BloguesRichard Martineau

L’affaire Boisclair: le vrai débat

PIERRE-ÉTIENNE PARADIS:

"Décidément, je n'y comprends rien à rien.

Jeudi dernier, M. Boisclair faisait plutôt bonne figure à l'émission Tout le monde en parle. Peu après avoir répondu candidement: «La réponse est oui» à une question concernant sa consommation de pot durant les années 90, M. Boisclair a même avoué être en faveur de la légalisation de cette substance. Les applaudissements fusaient de partout.

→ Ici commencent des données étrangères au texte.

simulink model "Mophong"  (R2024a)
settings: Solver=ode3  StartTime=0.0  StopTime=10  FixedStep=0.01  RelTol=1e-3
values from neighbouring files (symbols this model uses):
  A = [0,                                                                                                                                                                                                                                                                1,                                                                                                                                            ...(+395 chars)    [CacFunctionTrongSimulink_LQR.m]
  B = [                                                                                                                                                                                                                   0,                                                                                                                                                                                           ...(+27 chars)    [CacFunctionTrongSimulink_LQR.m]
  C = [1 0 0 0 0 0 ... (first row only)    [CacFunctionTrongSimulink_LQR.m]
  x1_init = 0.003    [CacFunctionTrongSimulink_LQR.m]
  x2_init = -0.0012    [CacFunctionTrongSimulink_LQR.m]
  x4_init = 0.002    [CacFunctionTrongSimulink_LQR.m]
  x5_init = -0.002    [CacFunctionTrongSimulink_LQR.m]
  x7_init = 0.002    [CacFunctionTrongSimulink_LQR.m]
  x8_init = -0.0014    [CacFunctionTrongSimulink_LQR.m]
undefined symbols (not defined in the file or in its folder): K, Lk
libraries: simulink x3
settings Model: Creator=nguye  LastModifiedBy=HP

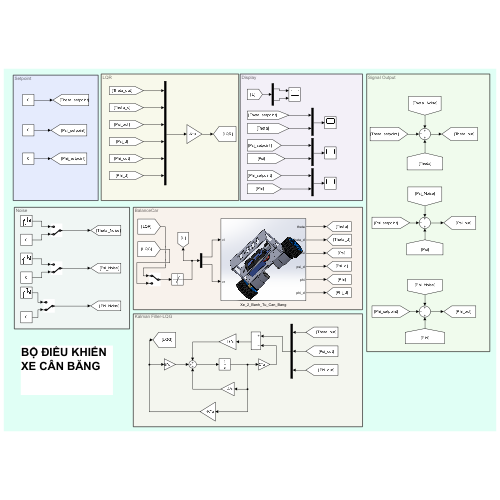
[thumbnail: Simulink's stored preview of the top-level diagram]
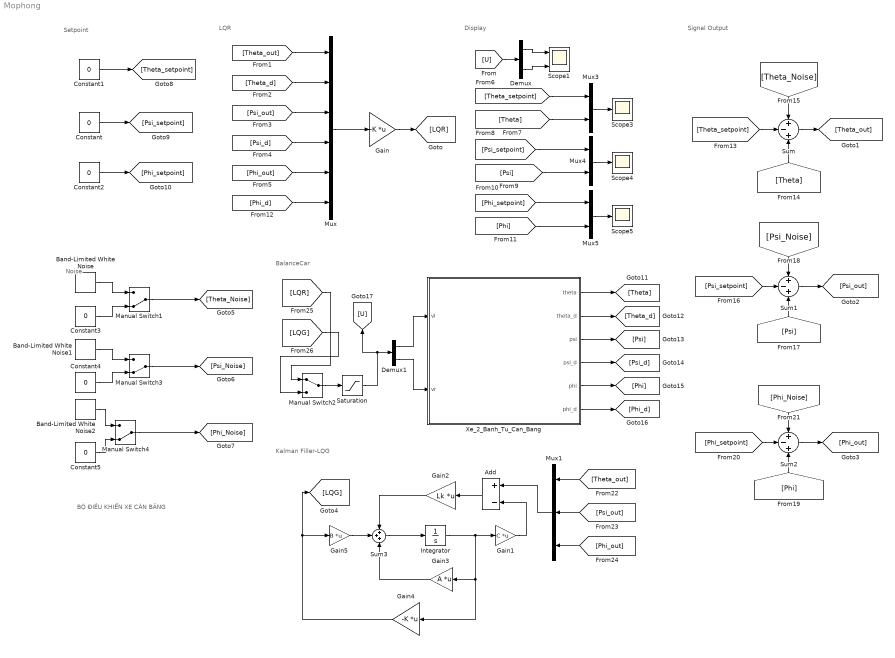
== system Mophong ==
  note: BỘ ĐIỀU KHIỂN XE CÂN BĂNG
  note: BalanceCar
  note: Setpoint
  note: LQR
  note: Display
  note: Signal Output
  note: Kalman Filler-LQG
  note: Noise
  Add : Sum  Inputs=+-
  Band-Limited White Noise : simulink/Sources/Band-Limited White Noise  Cov=[ 0.0001]  Ts=0.01  seed=[23341]
  Band-Limited White Noise1 : simulink/Sources/Band-Limited White Noise  Cov=[0.0000001]  Ts=0.01  seed=[23341]
  Band-Limited White Noise2 : simulink/Sources/Band-Limited White Noise  Cov=[0.00001]  Ts=0.01  seed=[23341]
  Constant{,1..5} (6 alike) : Constant  Value=0
  Demux : Demux  Outputs=2
  Demux1 : Demux  Outputs=2
  Gain : Gain  Gain=-K  Multiplication=Matrix(K*u)
  Gain1 : Gain  Gain=C  Multiplication=Matrix(K*u)
  Gain2 : Gain  Gain=Lk  Multiplication=Matrix(K*u)
  Gain3 : Gain  Gain=A  Multiplication=Matrix(K*u)
  Gain4 : Gain  Gain=-K  Multiplication=Matrix(K*u)
  Gain5 : Gain  Gain=B  Multiplication=Matrix(K*u)
  Integrator : Integrator
  Manual Switch1 : ManualSwitch  CurrentSetting=0
  Manual Switch2 : ManualSwitch
  Manual Switch3 : ManualSwitch  CurrentSetting=0
  Manual Switch4 : ManualSwitch  CurrentSetting=0
  Mux : Mux  Inputs=6
  Mux1 : Mux  Inputs=3
  Mux3 : Mux  Inputs=2
  Mux4 : Mux  Inputs=2
  Mux5 : Mux  Inputs=2
  Saturation : Saturate  UpperLimit=255  LowerLimit=-255
  Scope1 : Scope  NumInputPorts=2
  Scope3 : Scope
  Scope4 : Scope
  Scope5 : Scope
  Sum : Sum  Inputs=+-+
  Sum1 : Sum  Inputs=+-+
  Sum2 : Sum  Inputs=+-+
  Sum3 : Sum  Inputs=+++
  Xe_2_Banh_Tu_Can_Bang : Subsystem
      mask Display: image('BalanceCar.png');
  wires:
  Mux4/1 -> Scope4/1
  Mux3/1 -> Scope3/1
  [Phi] -> Mux5/2
  [Phi_setpoint] -> Mux5/1
  [Psi] -> Mux4/2
  [Psi_setpoint] -> Mux4/1
  [Theta] -> Mux3/2
  [U] -> Demux/1
  Demux/1 -> Scope1/1
  Demux/2 -> Scope1/2
  [Theta_out] -> Mux/1
  [Theta_d] -> Mux/2
  [Psi_out] -> Mux/3
  [Psi_d] -> Mux/4
  [Phi_out] -> Mux/5
  [Phi_d] -> Mux/6
  Mux/1 -> Gain/1
  Gain/1 -> [LQR]
  [Theta_Noise] -> Sum/1
  Sum/1 -> [Theta_out]
  Sum1/1 -> [Psi_out]
  [Psi_Noise] -> Sum1/1
  [Phi_Noise] -> Sum2/1
  Sum2/1 -> [Phi_out]
  [Theta_out] -> Mux1/1
  [Psi_out] -> Mux1/2
  Mux1/1 -> Add/1
  Add/1 -> Gain2/1
  Sum3/1 -> Integrator/1
  Gain3/1 -> Sum3/3
  Gain5/1 -> Sum3/2
  Gain2/1 -> Sum3/1
  Constant2/1 -> [Phi_setpoint]
  Constant1/1 -> [Theta_setpoint]
  Constant/1 -> [Psi_setpoint]
  [LQR] -> Manual Switch2/1
  [LQG] -> Manual Switch2/2
  Integrator/1 -> Gain1/1, Gain4/1, Gain3/1
  Xe_2_Banh_Tu_Can_Bang/1(theta) -> [Theta]
  Xe_2_Banh_Tu_Can_Bang/2(theta_d) -> [Theta_d]
  Xe_2_Banh_Tu_Can_Bang/3(psi) -> [Psi]
  Xe_2_Banh_Tu_Can_Bang/4(psi_d) -> [Psi_d]
  Xe_2_Banh_Tu_Can_Bang/5(phi) -> [Phi]
  Xe_2_Banh_Tu_Can_Bang/6(phi_d) -> [Phi_d]
  Demux1/1 -> Xe_2_Banh_Tu_Can_Bang/1(vl)
  Demux1/2 -> Xe_2_Banh_Tu_Can_Bang/2(vr)
  Mux5/1 -> Scope5/1
  [Phi_out] -> Mux1/3
  Gain4/1 -> [LQG], Gain5/1
  Band-Limited White Noise/1 -> Manual Switch1/1
  Manual Switch1/1 -> [Theta_Noise]
  Constant3/1 -> Manual Switch1/2
  Band-Limited White Noise1/1 -> Manual Switch3/1
  Constant4/1 -> Manual Switch3/2
  Manual Switch3/1 -> [Psi_Noise]
  Band-Limited White Noise2/1 -> Manual Switch4/1
  Manual Switch4/1 -> [Phi_Noise]
  Constant5/1 -> Manual Switch4/2
  Gain1/1 -> Add/2
  [Theta_setpoint] -> Mux3/1
  Manual Switch2/1 -> Saturation/1
  Saturation/1 -> Demux1/1, [U]
  [Theta] -> Sum/3
  [Theta_setpoint] -> Sum/2
  [Psi] -> Sum1/3
  [Psi_setpoint] -> Sum1/2
  [Phi] -> Sum2/3
  [Phi_setpoint] -> Sum2/2

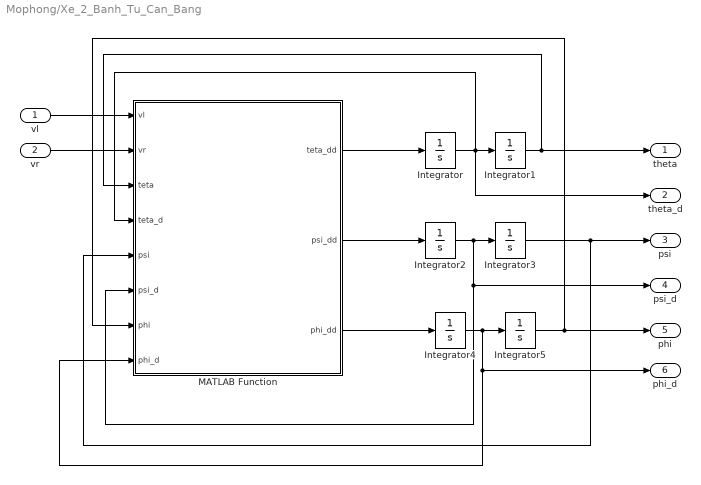
== system Mophong/Xe_2_Banh_Tu_Can_Bang ==
  vl : Inport
  vr : Inport  Port=2
  Integrator : Integrator  InitialCondition=x2_init
  Integrator1 : Integrator  InitialCondition=x1_init
  Integrator2 : Integrator  InitialCondition=x5_init
  Integrator3 : Integrator  InitialCondition=x4_init
  Integrator4 : Integrator  InitialCondition=x8_init
  Integrator5 : Integrator  InitialCondition=x7_init
  MATLAB Function : MATLAB Function  TreatAsAtomicUnit=on
  theta : Outport
  theta_d : Outport  Port=2
  psi : Outport  Port=3
  psi_d : Outport  Port=4
  phi : Outport  Port=5
  phi_d : Outport  Port=6
  wires:
  Integrator/1 -> MATLAB Function/4(teta_d), Integrator1/1, theta_d/1
  Integrator1/1 -> MATLAB Function/3(teta), theta/1
  MATLAB Function/1(teta_dd) -> Integrator/1
  Integrator3/1 -> MATLAB Function/5(psi), psi/1
  Integrator2/1 -> MATLAB Function/6(psi_d), psi_d/1, Integrator3/1
  MATLAB Function/2(psi_dd) -> Integrator2/1
  Integrator5/1 -> MATLAB Function/7(phi), phi/1
  Integrator4/1 -> MATLAB Function/8(phi_d), phi_d/1, Integrator5/1
  MATLAB Function/3(phi_dd) -> Integrator4/1
  vr/1 -> MATLAB Function/2(vr)
  vl/1 -> MATLAB Function/1(vl)

== matlab function Mophong/Xe_2_Banh_Tu_Can_Bang/MATLAB Function ==
  data: vl input; teta_dd output; vr input; teta input; teta_d input; psi input; psi_d input; phi input; phi_d input; psi_dd output; phi_dd output
function [teta_dd,psi_dd,phi_dd] = fcn(vl,vr,teta,teta_d,psi,psi_d,phi,phi_d)

%% Thông số hệ thống xe 2 bánh tự cân bằng dùng LQR
m = 0.033; %Khoi luong banh xe
M = 0.818; %Khoi luong robot
R = 0.0325; %Ban kinh ban xe
W = 0.15; %Chieu dai robot
D = 0.07; %Chieu rong robot
H = 0.095; %Chieu cao robot
L = 0.06; %khoang cach tu trong tam den truc banh xe
fw = 0.18; %He so ma sat giua banh xe voi mat phang
fm = 0.002; %he so ma sat giua dong co va robot
Jm = 0.01; %moment quan tinh cua dong co
Jw = m*R^2/2;
J_psi = 2*M*L^2/3;
J_phi = M*(W^2+D^2)/12;
Rm = 40; %Dien tro dong co DC
Kb = 0.327; %he so emf cua dong co
Kt = 0.5; %Momen xoan cua dong co DC
n = 30; %Ty so giam toc
g = 9.81; %Gia toc trong truong
alpha = (n*Kt)/Rm; beta=((n*Kt*Kb)/Rm)+fm; a =alpha;
T=0.01;

teta_dd = (J_psi*a*vl + J_psi*a*vr - 2*J_psi*beta*teta_d + 2*J_psi*beta*psi_d - 2*J_psi*fw*teta_d + L^2*M*a*vl + L^2*M*a*vr - 2*L^2*M*beta*teta_d + 2*L^2*M*beta*psi_d - 2*L^2*M*fw*teta_d - 4*Jm*fw*n^2*teta_d + L^3*M^2*R*psi_d^2*sin(psi) - 2*L*M*R*beta*teta_d*cos(psi) + 2*L*M*R*beta*psi_d*cos(psi) - L^3*M^2*R*phi_d^2*cos(psi)^2*sin(psi) - L^2*M^2*R*g*cos(psi)*sin(psi) + J_psi*L*M*R*psi_d^2*sin(psi) + 2*Jm*L*M*g*n^2*sin(psi) + L*M*R*a*vl*cos(psi) + L*M*R*a*vr*cos(psi) + 2*Jm*L^2*M*n^2*phi_d^2*cos(psi)*sin(psi) + 2*Jm*L*M*R*n^2*psi_d^2*sin(psi))/(2*J_psi*Jw + L^2*M^2*R^2 + 2*Jw*L^2*M + J_psi*M*R^2 + 2*J_psi*Jm*n^2 + 4*Jm*Jw*n^2 + 2*J_psi*R^2*m + 2*Jm*L^2*M*n^2 + 2*Jm*M*R^2*n^2 + 2*L^2*M*R^2*m + 4*Jm*R^2*m*n^2 - L^2*M^2*R^2*cos(psi)^2 + 4*Jm*L*M*R*n^2*cos(psi));
psi_dd = -(2*Jw*a*vl + 2*Jw*a*vr - 4*Jw*beta*teta_d + 4*Jw*beta*psi_d + M*R^2*a*vl + M*R^2*a*vr - 2*M*R^2*beta*teta_d + 2*M*R^2*beta*psi_d + 2*R^2*a*m*vl + 2*R^2*a*m*vr + 4*Jm*fw*n^2*teta_d - 4*R^2*beta*m*teta_d + 4*R^2*beta*m*psi_d - L*M^2*R^2*g*sin(psi) - 2*Jw*L*M*g*sin(psi) - 2*L*M*R*beta*teta_d*cos(psi) + 2*L*M*R*beta*psi_d*cos(psi) - 2*L*M*R*fw*teta_d*cos(psi) + L^2*M^2*R^2*psi_d^2*cos(psi)*sin(psi) - L^2*M^2*R^2*phi_d^2*cos(psi)*sin(psi) - 2*Jw*L^2*M*phi_d^2*cos(psi)*sin(psi) - 2*Jm*L*M*g*n^2*sin(psi) - 2*L*M*R^2*g*m*sin(psi) + L*M*R*a*vl*cos(psi) + L*M*R*a*vr*cos(psi) - 2*Jm*L^2*M*n^2*phi_d^2*cos(psi)*sin(psi) - 2*L^2*M*R^2*m*phi_d^2*cos(psi)*sin(psi) - 2*Jm*L*M*R*n^2*psi_d^2*sin(psi))/(2*J_psi*Jw + L^2*M^2*R^2 + 2*Jw*L^2*M + J_psi*M*R^2 + 2*J_psi*Jm*n^2 + 4*Jm*Jw*n^2 + 2*J_psi*R^2*m + 2*Jm*L^2*M*n^2 + 2*Jm*M*R^2*n^2 + 2*L^2*M*R^2*m + 4*Jm*R^2*m*n^2 - L^2*M^2*R^2*cos(psi)^2 + 4*Jm*L*M*R*n^2*cos(psi));
phi_dd = -(W^2*beta*phi_d + W^2*fw*phi_d + R*W*a*vl - R*W*a*vr + 4*L^2*M*R^2*psi_d*phi_d*cos(psi)*sin(psi))/(2*J_phi*R^2 + Jm*W^2 + Jm*W^2*n^2 + R^2*W^2*m + 2*L^2*M*R^2*sin(psi)^2);

J'en conclus donc que le pot est de facto «légalisé» dans l´opinion publique québécoise, puisque les journalistes n´ont pas trouvé matière à scandale là-dedans.

Or maintenant que M. Boisclair a avoué avoir consommé de la cocaïne étant ministre, les médias s´emballent et on en fait tout un plat.

Pourtant, sur un plan légal, il n´y a aucune différence: les promesses de décriminalisation des gouvernements libéraux fédéraux qui se sont succédé s´étant soldées par un non-lieu, la possession de cannabis demeure encore aussi illégale et criminelle que la possession de coca.

Or, au lieu de lancer un débat intelligent concernant l´éventuelle politique en matière de drogues d´un Québec souverain (qui ne serait donc plus à la remorque d´Ottawa), les petits journaleux de la convergence sont tout heureux de pouvoir enfin tripatouiller dans la vie privée d´un candidat ulcéré, et contribuent à entretenir des faussetés concernant les prétendus «dangers» de certaines substances contrôlées.

Le résultat est que nous avons des réponses idiotes à des questions tout aussi idiotes.

Il faudra effectivement «tirer la ligne» entre la vie privée et la vie publique des politiciens, comme le suggérait au Point l´animatrice Dominique Poirier, sans même prendre conscience de l´ironie de ses propos.

Ce que fait André Boisclair pendant ses week-ends de congé ne m´intéresse pas. En fait, la cocaïne entraîne une dépendance ni plus ni moins élevée que l´alcool (exception faite du crack), et la consommer, sous forme naturelle du moins, est autorisé pour certains peuples autochtones en vertu de dispositions des conventions internationales.

L´Organisation mondiale de la santé (OMS) a même suggéré en 1995 de reclassifier cette substance dans une catégorie moins restrictive, au grand dam des États-Unis, qui ont alors menacé d´arrêter de financer cet organisme dont la méthodologie scientifique est pourtant des plus rigoureuses.

Au moment où des milliers d´enfants au Québec sont bourrés d´amphétamines (le Ritalin), il serait grand temps de relancer le débat sur cette distinction absurde entre substances légales et substances criminelles.

J´espère à tout le moins que M. Boisclair aura les bons arguments pour suppléer à son exaspération."